WORK INSTRUCTIONS
Retype the listing in full. Change nothing.

Segment Start: RECORDS FOR THE TASK

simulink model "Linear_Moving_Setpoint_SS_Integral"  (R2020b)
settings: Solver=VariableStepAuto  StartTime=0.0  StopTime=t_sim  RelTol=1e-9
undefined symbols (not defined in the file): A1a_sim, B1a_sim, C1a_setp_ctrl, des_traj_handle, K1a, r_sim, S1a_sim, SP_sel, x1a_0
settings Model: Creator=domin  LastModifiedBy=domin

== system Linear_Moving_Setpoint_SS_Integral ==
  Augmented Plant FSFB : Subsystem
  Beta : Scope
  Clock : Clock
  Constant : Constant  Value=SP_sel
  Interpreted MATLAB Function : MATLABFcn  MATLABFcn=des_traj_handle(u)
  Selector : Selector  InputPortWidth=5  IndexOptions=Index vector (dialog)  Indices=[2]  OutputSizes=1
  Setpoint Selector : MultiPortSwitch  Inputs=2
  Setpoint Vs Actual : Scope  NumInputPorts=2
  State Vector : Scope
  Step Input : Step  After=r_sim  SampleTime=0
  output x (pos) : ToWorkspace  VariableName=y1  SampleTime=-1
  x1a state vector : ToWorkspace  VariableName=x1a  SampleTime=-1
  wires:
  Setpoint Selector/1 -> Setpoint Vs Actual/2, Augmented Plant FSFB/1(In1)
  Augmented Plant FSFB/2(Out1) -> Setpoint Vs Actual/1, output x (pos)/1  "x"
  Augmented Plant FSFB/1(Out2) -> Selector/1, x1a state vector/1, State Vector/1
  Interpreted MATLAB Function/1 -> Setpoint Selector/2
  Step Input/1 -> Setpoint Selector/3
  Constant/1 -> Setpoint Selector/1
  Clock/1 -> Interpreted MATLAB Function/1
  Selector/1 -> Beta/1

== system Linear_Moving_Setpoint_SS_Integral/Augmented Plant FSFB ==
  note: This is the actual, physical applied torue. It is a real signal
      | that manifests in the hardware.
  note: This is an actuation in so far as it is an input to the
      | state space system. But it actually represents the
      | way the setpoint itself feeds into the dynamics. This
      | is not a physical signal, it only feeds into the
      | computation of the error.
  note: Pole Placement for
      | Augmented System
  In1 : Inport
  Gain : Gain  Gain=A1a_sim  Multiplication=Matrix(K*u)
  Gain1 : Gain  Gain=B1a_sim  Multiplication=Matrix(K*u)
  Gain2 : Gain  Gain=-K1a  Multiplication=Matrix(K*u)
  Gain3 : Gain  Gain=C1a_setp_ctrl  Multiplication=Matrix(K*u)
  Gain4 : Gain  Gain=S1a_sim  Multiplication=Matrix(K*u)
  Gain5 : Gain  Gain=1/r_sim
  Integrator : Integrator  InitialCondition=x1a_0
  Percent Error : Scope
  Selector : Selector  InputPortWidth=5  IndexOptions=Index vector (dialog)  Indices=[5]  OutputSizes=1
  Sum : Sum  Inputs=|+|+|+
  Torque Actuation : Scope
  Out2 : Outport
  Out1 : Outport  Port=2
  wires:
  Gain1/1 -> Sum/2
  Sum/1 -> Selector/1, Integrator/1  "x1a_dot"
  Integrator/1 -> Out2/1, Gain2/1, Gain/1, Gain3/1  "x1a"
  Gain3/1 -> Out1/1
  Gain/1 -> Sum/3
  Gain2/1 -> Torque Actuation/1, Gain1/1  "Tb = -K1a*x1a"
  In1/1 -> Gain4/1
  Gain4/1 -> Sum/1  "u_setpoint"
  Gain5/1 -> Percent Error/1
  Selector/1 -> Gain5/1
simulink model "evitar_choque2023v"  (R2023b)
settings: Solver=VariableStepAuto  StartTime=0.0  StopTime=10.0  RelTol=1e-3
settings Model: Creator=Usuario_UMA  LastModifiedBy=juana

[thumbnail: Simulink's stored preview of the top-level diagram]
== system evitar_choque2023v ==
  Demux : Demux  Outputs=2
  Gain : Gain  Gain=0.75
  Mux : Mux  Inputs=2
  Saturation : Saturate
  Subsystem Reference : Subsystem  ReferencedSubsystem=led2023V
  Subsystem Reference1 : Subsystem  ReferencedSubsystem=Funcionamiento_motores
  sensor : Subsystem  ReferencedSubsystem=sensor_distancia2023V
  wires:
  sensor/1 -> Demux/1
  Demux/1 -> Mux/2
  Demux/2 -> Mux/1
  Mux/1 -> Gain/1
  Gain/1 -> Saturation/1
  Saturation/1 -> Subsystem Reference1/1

Segment End: RECORDS FOR THE TASK

ANSWER SECTION
simulink model "Linear_Moving_Setpoint_SS_Integral"  (R2020b)
settings: Solver=VariableStepAuto  StartTime=0.0  StopTime=t_sim  RelTol=1e-9
undefined symbols (not defined in the file): A1a_sim, B1a_sim, C1a_setp_ctrl, des_traj_handle, K1a, r_sim, S1a_sim, SP_sel, x1a_0
settings Model: Creator=domin  LastModifiedBy=domin

== system Linear_Moving_Setpoint_SS_Integral ==
  Augmented Plant FSFB : Subsystem
  Beta : Scope
  Clock : Clock
  Constant : Constant  Value=SP_sel
  Interpreted MATLAB Function : MATLABFcn  MATLABFcn=des_traj_handle(u)
  Selector : Selector  InputPortWidth=5  IndexOptions=Index vector (dialog)  Indices=[2]  OutputSizes=1
  Setpoint Selector : MultiPortSwitch  Inputs=2
  Setpoint Vs Actual : Scope  NumInputPorts=2
  State Vector : Scope
  Step Input : Step  After=r_sim  SampleTime=0
  output x (pos) : ToWorkspace  VariableName=y1  SampleTime=-1
  x1a state vector : ToWorkspace  VariableName=x1a  SampleTime=-1
  wires:
  Setpoint Selector/1 -> Setpoint Vs Actual/2, Augmented Plant FSFB/1(In1)
  Augmented Plant FSFB/2(Out1) -> Setpoint Vs Actual/1, output x (pos)/1  "x"
  Augmented Plant FSFB/1(Out2) -> Selector/1, x1a state vector/1, State Vector/1
  Interpreted MATLAB Function/1 -> Setpoint Selector/2
  Step Input/1 -> Setpoint Selector/3
  Constant/1 -> Setpoint Selector/1
  Clock/1 -> Interpreted MATLAB Function/1
  Selector/1 -> Beta/1

== system Linear_Moving_Setpoint_SS_Integral/Augmented Plant FSFB ==
  note: This is the actual, physical applied torue. It is a real signal
      | that manifests in the hardware.
  note: This is an actuation in so far as it is an input to the
      | state space system. But it actually represents the
      | way the setpoint itself feeds into the dynamics. This
      | is not a physical signal, it only feeds into the
      | computation of the error.
  note: Pole Placement for
      | Augmented System
  In1 : Inport
  Gain : Gain  Gain=A1a_sim  Multiplication=Matrix(K*u)
  Gain1 : Gain  Gain=B1a_sim  Multiplication=Matrix(K*u)
  Gain2 : Gain  Gain=-K1a  Multiplication=Matrix(K*u)
  Gain3 : Gain  Gain=C1a_setp_ctrl  Multiplication=Matrix(K*u)
  Gain4 : Gain  Gain=S1a_sim  Multiplication=Matrix(K*u)
  Gain5 : Gain  Gain=1/r_sim
  Integrator : Integrator  InitialCondition=x1a_0
  Percent Error : Scope
  Selector : Selector  InputPortWidth=5  IndexOptions=Index vector (dialog)  Indices=[5]  OutputSizes=1
  Sum : Sum  Inputs=|+|+|+
  Torque Actuation : Scope
  Out2 : Outport
  Out1 : Outport  Port=2
  wires:
  Gain1/1 -> Sum/2
  Sum/1 -> Selector/1, Integrator/1  "x1a_dot"
  Integrator/1 -> Out2/1, Gain2/1, Gain/1, Gain3/1  "x1a"
  Gain3/1 -> Out1/1
  Gain/1 -> Sum/3
  Gain2/1 -> Torque Actuation/1, Gain1/1  "Tb = -K1a*x1a"
  In1/1 -> Gain4/1
  Gain4/1 -> Sum/1  "u_setpoint"
  Gain5/1 -> Percent Error/1
  Selector/1 -> Gain5/1
simulink model "evitar_choque2023v"  (R2023b)
settings: Solver=VariableStepAuto  StartTime=0.0  StopTime=10.0  RelTol=1e-3
settings Model: Creator=Usuario_UMA  LastModifiedBy=juana

[thumbnail: Simulink's stored preview of the top-level diagram]
== system evitar_choque2023v ==
  Demux : Demux  Outputs=2
  Gain : Gain  Gain=0.75
  Mux : Mux  Inputs=2
  Saturation : Saturate
  Subsystem Reference : Subsystem  ReferencedSubsystem=led2023V
  Subsystem Reference1 : Subsystem  ReferencedSubsystem=Funcionamiento_motores
  sensor : Subsystem  ReferencedSubsystem=sensor_distancia2023V
  wires:
  sensor/1 -> Demux/1
  Demux/1 -> Mux/2
  Demux/2 -> Mux/1
  Mux/1 -> Gain/1
  Gain/1 -> Saturation/1
  Saturation/1 -> Subsystem Reference1/1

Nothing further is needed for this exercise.